For agents whose real estate careers survived the 2008 bubble burst, scrutinizing real estate trends in hopes of protecting yourself from subsequent disasters should now be a common practice. What things should you look toward as a means of predicting if things might blow up in your face, yet again?
These real estate trends may signal a market that’s about to pop:
• Shaky loans
Subprime lending is risky. Though the FHA still offers loans with minimal down payments (3.5%), lending practices deviating from current elevations in underwriting standards may signal a need for caution.
• Over-extended leverage
A bubble means lots of leverage – banks accepting minuscule down payments from buyers as a means of securing the purchase. Current trends this year point to a cycle devoid of leverage. The average buyer is putting down about 35%, and in some markets, cash buys are up, such as in New York City where 45% of transaction are cash.

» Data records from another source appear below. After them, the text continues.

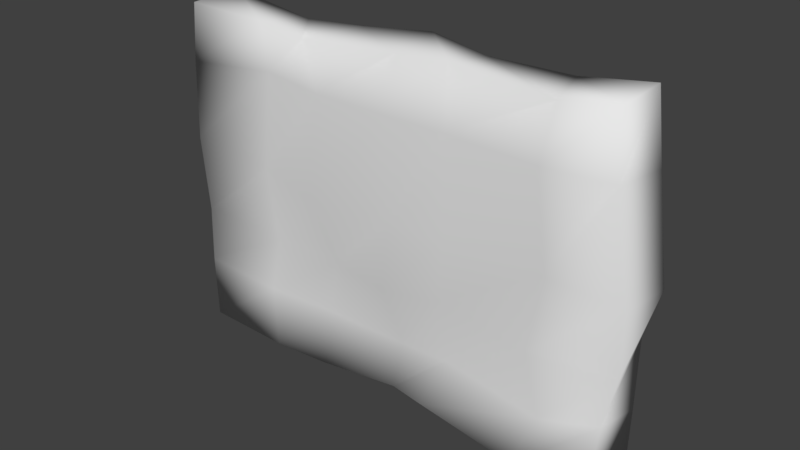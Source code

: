 # Source: BuildWall.blend  (saved by Blender 2.79.0; exported with 4.5.12 LTS)
import bpy
from mathutils import Matrix  # noqa: F401  (used for matrix-valued properties, if any)

bpy.ops.wm.read_factory_settings(use_empty=True)
scene = bpy.context.scene
scene.name = 'Scene'

# ---- collections
col_collection_1 = bpy.data.collections.new('Collection 1'); scene.collection.children.link(col_collection_1)

# ---- world
world_world = bpy.data.worlds.new('World'); scene.world = world_world
world_world.color = (0.05088, 0.05088, 0.05088)
world_world.use_sun_shadow = False
world_world.sun_shadow_jitter_overblur = 0.0
world_world.cycles.sampling_method = 'MANUAL'

# ---- meshes
me_cube_002 = bpy.data.meshes.new('Cube.002')
me_cube_002.from_pydata([(-2.356, -0.2455, 3.552), (-2.34, -0.2683, 0.1103), (-2.274, 0.2358, 3.601), (-2.493, 0.3495, 0.1497), (2.265, -0.2377, 3.632), (2.266, -0.2539, 0.03681), (2.295, 0.2502, 3.677), (2.365, 0.2493, 0.1331), (-1.329, 0.2434, 3.472), (-1.367, 0.2511, 0.1484), (-1.312, -0.3702, 3.59), (-1.35, -0.3413, 0.1545), (0.1076, 0.2479, 0.1382), (0.1372, -0.2502, 3.566), (0.0756, 0.3414, 3.605), (0.1258, -0.2592, 0.2457), (1.645, 0.2332, 0.2076), (1.72, -0.2517, 3.546), (1.533, 0.3358, 3.534), (1.539, -0.3553, 0.1179), (0.7151, 0.256, 3.546), (0.4941, -0.333, 0.2601), (0.6255, 0.3333, 0.08116), (0.7013, -0.2492, 3.626), (-0.6282, 0.2296, 3.541), (-0.7947, -0.2493, 0.1125), (-0.7765, 0.3295, 0.1243), (-0.9165, -0.2542, 3.48), (-2.408, -0.2488, 2.952), (-2.296, 0.2427, 3.02), (2.385, 0.247, 2.998), (2.298, -0.2588, 3.016), (-1.28, -0.3362, 3.118), (-1.243, 0.3461, 2.943), (0.09636, -0.3453, 3.048), (0.1372, 0.2551, 2.97), (1.649, -0.3437, 3.019), (1.515, 0.2453, 3.037), (0.6354, 0.3179, 3.046), (0.6459, -0.2475, 3.0), (-0.65, 0.2618, 2.91), (-0.7807, -0.2479, 3.0), (-2.312, -0.3532, 2.196), (-2.235, 0.2588, 2.045), (2.53, 0.2378, 1.993), (2.461, -0.2495, 1.996), (-1.482, -0.2406, 2.073), (-1.452, 0.2422, 1.977), (0.1123, -0.3034, 2.027), (0.2621, 0.2462, 2.017), (1.717, -0.2602, 2.031), (1.608, 0.3365, 1.951), (0.7375, 0.2366, 2.168), (0.7872, -0.4187, 2.086), (-0.7786, 0.3588, 2.079), (-0.7951, -0.3609, 1.962), (-2.379, -0.2507, 0.7518), (-2.496, 0.3354, 0.7381), (2.378, 0.2479, 0.7528), (2.35, -0.2548, 0.8385), (-1.369, -0.3571, 0.8075), (-1.225, 0.2549, 0.6228), (0.236, -0.2474, 0.7738), (0.1872, 0.2486, 0.8678), (1.794, -0.3507, 0.7148), (1.534, 0.341, 0.7679), (0.6572, 0.2519, 0.7646), (0.7212, -0.2352, 0.7793), (-0.7472, 0.3409, 0.6996), (-0.6751, -0.2337, 0.7568), (-2.293, 0.3425, 1.426), (2.389, 0.2344, 1.492), (2.465, -0.2431, 1.358), (-1.344, -0.2563, 1.349), (-1.438, 0.245, 1.316), (0.09755, -0.3921, 1.369), (-0.007753, 0.2482, 1.368), (1.564, -0.2388, 1.236), (1.537, 0.2391, 1.345), (0.6664, 0.3429, 1.332), (0.6842, -0.3207, 1.42), (-0.7709, 0.329, 1.353), (-0.578, -0.2381, 1.324), (-2.362, -0.2463, 1.36)], [], [(56, 57, 3, 1), (65, 58, 7, 16), (58, 59, 5, 7), (60, 56, 1, 11), (18, 17, 4, 6), (9, 11, 1, 3), (26, 25, 11, 9), (2, 0, 10, 8), (69, 60, 11, 25), (57, 61, 9, 3), (67, 62, 15, 21), (22, 21, 15, 12), (24, 27, 13, 14), (68, 63, 12, 26), (7, 5, 19, 16), (59, 64, 19, 5), (20, 23, 17, 18), (66, 65, 16, 22), (63, 66, 22, 12), (14, 13, 23, 20), (16, 19, 21, 22), (64, 67, 21, 19), (61, 68, 26, 9), (8, 10, 27, 24), (62, 69, 25, 15), (12, 15, 25, 26), (13, 27, 41, 34), (8, 24, 40, 33), (17, 23, 39, 36), (14, 20, 38, 35), (20, 18, 37, 38), (4, 17, 36, 31), (24, 14, 35, 40), (23, 13, 34, 39), (2, 8, 33, 29), (27, 10, 32, 41), (10, 0, 28, 32), (6, 4, 31, 30), (18, 6, 30, 37), (0, 2, 29, 28), (34, 41, 55, 48), (33, 40, 54, 47), (36, 39, 53, 50), (35, 38, 52, 49), (38, 37, 51, 52), (31, 36, 50, 45), (40, 35, 49, 54), (39, 34, 48, 53), (29, 33, 47, 43), (41, 32, 46, 55), (32, 28, 42, 46), (30, 31, 45, 44), (37, 30, 44, 51), (28, 29, 43, 42), (75, 82, 69, 62), (74, 81, 68, 61), (77, 80, 67, 64), (76, 79, 66, 63), (79, 78, 65, 66), (72, 77, 64, 59), (81, 76, 63, 68), (80, 75, 62, 67), (70, 74, 61, 57), (82, 73, 60, 69), (73, 83, 56, 60), (71, 72, 59, 58), (78, 71, 58, 65), (83, 70, 57, 56), (42, 43, 70, 83), (51, 44, 71, 78), (44, 45, 72, 71), (46, 42, 83, 73), (55, 46, 73, 82), (43, 47, 74, 70), (53, 48, 75, 80), (54, 49, 76, 81), (45, 50, 77, 72), (52, 51, 78, 79), (49, 52, 79, 76), (50, 53, 80, 77), (47, 54, 81, 74), (48, 55, 82, 75)])
me_cube_002.polygons.foreach_set('use_smooth', [True] * 82)
_uv = me_cube_002.uv_layers.new(name='UVMap')
_uv.uv.foreach_set('vector', [0.7056, 0.0808, 0.6327, 0.07226, 0.6378, 0.0001162, 0.7161, 0.002511, 0.5009, 0.4187, 0.6058, 0.42, 0.607, 0.4955, 0.5146, 0.4912, 0.783, 0.08924, 0.721, 0.09915, 0.721, 0.0001162, 0.7838, 0.01308, 0.1387, 0.6456, 0.01518, 0.6388, 0.02062, 0.5601, 0.1405, 0.5673, 0.5042, 0.07488, 0.5242, 0.001079, 0.5924, 0.0001162, 0.5993, 0.06037, 0.1409, 0.4935, 0.1405, 0.5673, 0.02062, 0.5601, 0.0001162, 0.4866, 0.2136, 0.4923, 0.2081, 0.5609, 0.1405, 0.5673, 0.1409, 0.4935, 0.03053, 0.06821, 0.02336, 0.008415, 0.1523, 0.0001163, 0.15, 0.07848, 0.2248, 0.6393, 0.1387, 0.6456, 0.1405, 0.5673, 0.2081, 0.5609, 0.002077, 0.4162, 0.1586, 0.4335, 0.1409, 0.4935, 0.0001162, 0.4866, 0.4007, 0.6447, 0.3396, 0.6411, 0.3286, 0.5707, 0.3759, 0.5784, 0.3919, 0.4975, 0.3759, 0.5784, 0.3286, 0.5707, 0.3262, 0.5003, 0.2398, 0.0726, 0.2008, 0.01536, 0.3287, 0.006494, 0.3241, 0.07388, 0.2188, 0.4243, 0.3357, 0.4055, 0.3262, 0.5003, 0.2136, 0.4923, 0.607, 0.4955, 0.5933, 0.5579, 0.5035, 0.5672, 0.5146, 0.4912, 0.6007, 0.6574, 0.5325, 0.6395, 0.5035, 0.5672, 0.5933, 0.5579, 0.4, 0.07061, 0.3969, 0.006215, 0.5242, 0.001079, 0.5042, 0.07488, 0.3932, 0.4178, 0.5009, 0.4187, 0.5146, 0.4912, 0.3919, 0.4975, 0.3357, 0.4055, 0.3932, 0.4178, 0.3919, 0.4975, 0.3262, 0.5003, 0.3241, 0.07388, 0.3287, 0.006494, 0.3969, 0.006215, 0.4, 0.07061, 0.5146, 0.4912, 0.5035, 0.5672, 0.3759, 0.5784, 0.3919, 0.4975, 0.5325, 0.6395, 0.4007, 0.6447, 0.3759, 0.5784, 0.5035, 0.5672, 0.1586, 0.4335, 0.2188, 0.4243, 0.2136, 0.4923, 0.1409, 0.4935, 0.15, 0.07848, 0.1523, 0.0001163, 0.2008, 0.01536, 0.2398, 0.0726, 0.3396, 0.6411, 0.2248, 0.6393, 0.2081, 0.5609, 0.3286, 0.5707, 0.3262, 0.5003, 0.3286, 0.5707, 0.2081, 0.5609, 0.2136, 0.4923, 0.3214, 0.9868, 0.1931, 0.9756, 0.2097, 0.917, 0.3169, 0.9229, 0.15, 0.07848, 0.2398, 0.0726, 0.2345, 0.1513, 0.1603, 0.1466, 0.515, 0.9878, 0.3901, 0.9954, 0.3844, 0.919, 0.5071, 0.9225, 0.3241, 0.07388, 0.4, 0.07061, 0.3914, 0.1352, 0.3297, 0.1465, 0.4, 0.07061, 0.5042, 0.07488, 0.501, 0.1368, 0.3914, 0.1352, 0.5815, 0.9999, 0.515, 0.9878, 0.5071, 0.9225, 0.5872, 0.9244, 0.2398, 0.0726, 0.3241, 0.07388, 0.3297, 0.1465, 0.2345, 0.1513, 0.3901, 0.9954, 0.3214, 0.9868, 0.3169, 0.9229, 0.3844, 0.919, 0.03053, 0.06821, 0.15, 0.07848, 0.1603, 0.1466, 0.0301, 0.1377, 0.1931, 0.9756, 0.1431, 0.9891, 0.1477, 0.9315, 0.2097, 0.917, 0.1431, 0.9891, 0.01511, 0.9823, 0.01004, 0.9092, 0.1477, 0.9315, 0.7766, 0.4528, 0.7167, 0.4455, 0.7164, 0.3697, 0.7794, 0.3686, 0.5042, 0.07488, 0.5993, 0.06037, 0.6083, 0.1438, 0.501, 0.1368, 0.6856, 0.4258, 0.6253, 0.4283, 0.6291, 0.357, 0.6914, 0.352, 0.3169, 0.9229, 0.2097, 0.917, 0.2097, 0.789, 0.3213, 0.7983, 0.1603, 0.1466, 0.2345, 0.1513, 0.2166, 0.254, 0.1327, 0.2661, 0.5071, 0.9225, 0.3844, 0.919, 0.405, 0.8068, 0.5197, 0.8018, 0.3297, 0.1465, 0.3914, 0.1352, 0.4039, 0.2441, 0.3453, 0.2629, 0.3914, 0.1352, 0.501, 0.1368, 0.5112, 0.2718, 0.4039, 0.2441, 0.5872, 0.9244, 0.5071, 0.9225, 0.5197, 0.8018, 0.6109, 0.7999, 0.2345, 0.1513, 0.3297, 0.1465, 0.3453, 0.2629, 0.2166, 0.254, 0.3844, 0.919, 0.3169, 0.9229, 0.3213, 0.7983, 0.405, 0.8068, 0.0301, 0.1377, 0.1603, 0.1466, 0.1327, 0.2661, 0.03708, 0.2562, 0.2097, 0.917, 0.1477, 0.9315, 0.1243, 0.8022, 0.2097, 0.789, 0.1477, 0.9315, 0.01004, 0.9092, 0.02122, 0.8161, 0.1243, 0.8022, 0.7794, 0.3686, 0.7164, 0.3697, 0.7233, 0.2429, 0.7838, 0.244, 0.501, 0.1368, 0.6083, 0.1438, 0.6251, 0.2675, 0.5112, 0.2718, 0.6914, 0.352, 0.6291, 0.357, 0.6313, 0.2369, 0.7063, 0.2586, 0.3218, 0.7171, 0.237, 0.7095, 0.2248, 0.6393, 0.3396, 0.6411, 0.1336, 0.3474, 0.2167, 0.3437, 0.2188, 0.4243, 0.1586, 0.4335, 0.503, 0.7038, 0.3937, 0.7246, 0.4007, 0.6447, 0.5325, 0.6395, 0.3118, 0.343, 0.3956, 0.3476, 0.3932, 0.4178, 0.3357, 0.4055, 0.3956, 0.3476, 0.5029, 0.3469, 0.5009, 0.4187, 0.3932, 0.4178, 0.6133, 0.7215, 0.503, 0.7038, 0.5325, 0.6395, 0.6007, 0.6574, 0.2167, 0.3437, 0.3118, 0.343, 0.3357, 0.4055, 0.2188, 0.4243, 0.3937, 0.7246, 0.3218, 0.7171, 0.3396, 0.6411, 0.4007, 0.6447, 0.02815, 0.3324, 0.1336, 0.3474, 0.1586, 0.4335, 0.002077, 0.4162, 0.237, 0.7095, 0.1424, 0.7128, 0.1387, 0.6456, 0.2248, 0.6393, 0.1424, 0.7128, 0.01733, 0.7134, 0.01518, 0.6388, 0.1387, 0.6456, 0.7825, 0.1801, 0.7228, 0.1645, 0.721, 0.09915, 0.783, 0.08924, 0.5029, 0.3469, 0.6074, 0.329, 0.6058, 0.42, 0.5009, 0.4187, 0.6985, 0.1553, 0.6254, 0.16, 0.6327, 0.07226, 0.7056, 0.0808, 0.7063, 0.2586, 0.6313, 0.2369, 0.6254, 0.16, 0.6985, 0.1553, 0.5112, 0.2718, 0.6251, 0.2675, 0.6074, 0.329, 0.5029, 0.3469, 0.7838, 0.244, 0.7233, 0.2429, 0.7228, 0.1645, 0.7825, 0.1801, 0.1243, 0.8022, 0.02122, 0.8161, 0.01733, 0.7134, 0.1424, 0.7128, 0.2097, 0.789, 0.1243, 0.8022, 0.1424, 0.7128, 0.237, 0.7095, 0.03708, 0.2562, 0.1327, 0.2661, 0.1336, 0.3474, 0.02815, 0.3324, 0.405, 0.8068, 0.3213, 0.7983, 0.3218, 0.7171, 0.3937, 0.7246, 0.2166, 0.254, 0.3453, 0.2629, 0.3118, 0.343, 0.2167, 0.3437, 0.6109, 0.7999, 0.5197, 0.8018, 0.503, 0.7038, 0.6133, 0.7215, 0.4039, 0.2441, 0.5112, 0.2718, 0.5029, 0.3469, 0.3956, 0.3476, 0.3453, 0.2629, 0.4039, 0.2441, 0.3956, 0.3476, 0.3118, 0.343, 0.5197, 0.8018, 0.405, 0.8068, 0.3937, 0.7246, 0.503, 0.7038, 0.1327, 0.2661, 0.2166, 0.254, 0.2167, 0.3437, 0.1336, 0.3474, 0.3213, 0.7983, 0.2097, 0.789, 0.237, 0.7095, 0.3218, 0.7171])
me_cube_002.use_remesh_preserve_volume = False
me_cube_002.use_remesh_preserve_attributes = False
me_cube_002.use_mirror_vertex_groups = False
me_cube_002.update()

# ---- objects
ob_cube_001 = bpy.data.objects.new('Cube.001', me_cube_002)

# ---- transforms, parenting, visibility, modifiers, constraints
ob_cube_001.location = (0.0, 0.0, 0.0)
ob_cube_001.lineart.crease_threshold = 0.0

# ---- collection membership
col_collection_1.objects.link(ob_cube_001)

# ---- scene / render settings (as saved in the file)
scene.frame_start = 1; scene.frame_end = 250; scene.frame_set(1)
scene.render.engine = 'CYCLES'
scene.render.resolution_percentage = 50
scene.render.dither_intensity = 0.0
scene.cycles.use_denoising = False
scene.cycles.samples = 128
scene.cycles.sampling_pattern = 'TABULATED_SOBOL'
scene.cycles.use_adaptive_sampling = False
scene.cycles.use_light_tree = False
scene.cycles.blur_glossy = 0.0
scene.cycles.sample_clamp_indirect = 0.0
scene.view_settings.view_transform = 'Standard'
bpy.context.view_layer.update()

# ---- added for rendering (the .blend has no active camera and no usable light): camera, sun
cam_auto = bpy.data.cameras.new('AutoCamera')
cam_auto.lens = 50.0
cam_auto.sensor_width = 36.0
cam_auto.clip_end = 1000.0
ob_auto_camera = bpy.data.objects.new('AutoCamera', cam_auto)
scene.collection.objects.link(ob_auto_camera)
ob_auto_camera.location = (5.80317, -6.97359, 6.48612)
ob_auto_camera.rotation_euler = (1.09748, -7.21219e-08, 0.694738)
scene.camera = ob_auto_camera
light_auto_sun = bpy.data.lights.new('AutoSun', 'SUN')
light_auto_sun.energy = 3.0
light_auto_sun.angle = 0.0523599
ob_auto_sun = bpy.data.objects.new('AutoSun', light_auto_sun)
scene.collection.objects.link(ob_auto_sun)
ob_auto_sun.rotation_euler = (0.872665, 0.174533, 0.523599)
bpy.context.view_layer.update()

• Home prices outpacing salaries
When home prices rise and salaries don’t, people feel forced to rent or driven to eke out an existence in a home they can barely afford. It doesn’t take a genius to realize that this isn’t sustainable. If business isn’t rising in outlying markets, but only in main metropolises in combination with shaky loans and leverage overextensions, keep watch with a wary eye. (Keep in mind here, we do not mean rapid home appreciation, but unsustainable rapid price appreciation, which fundamentals don’t support.)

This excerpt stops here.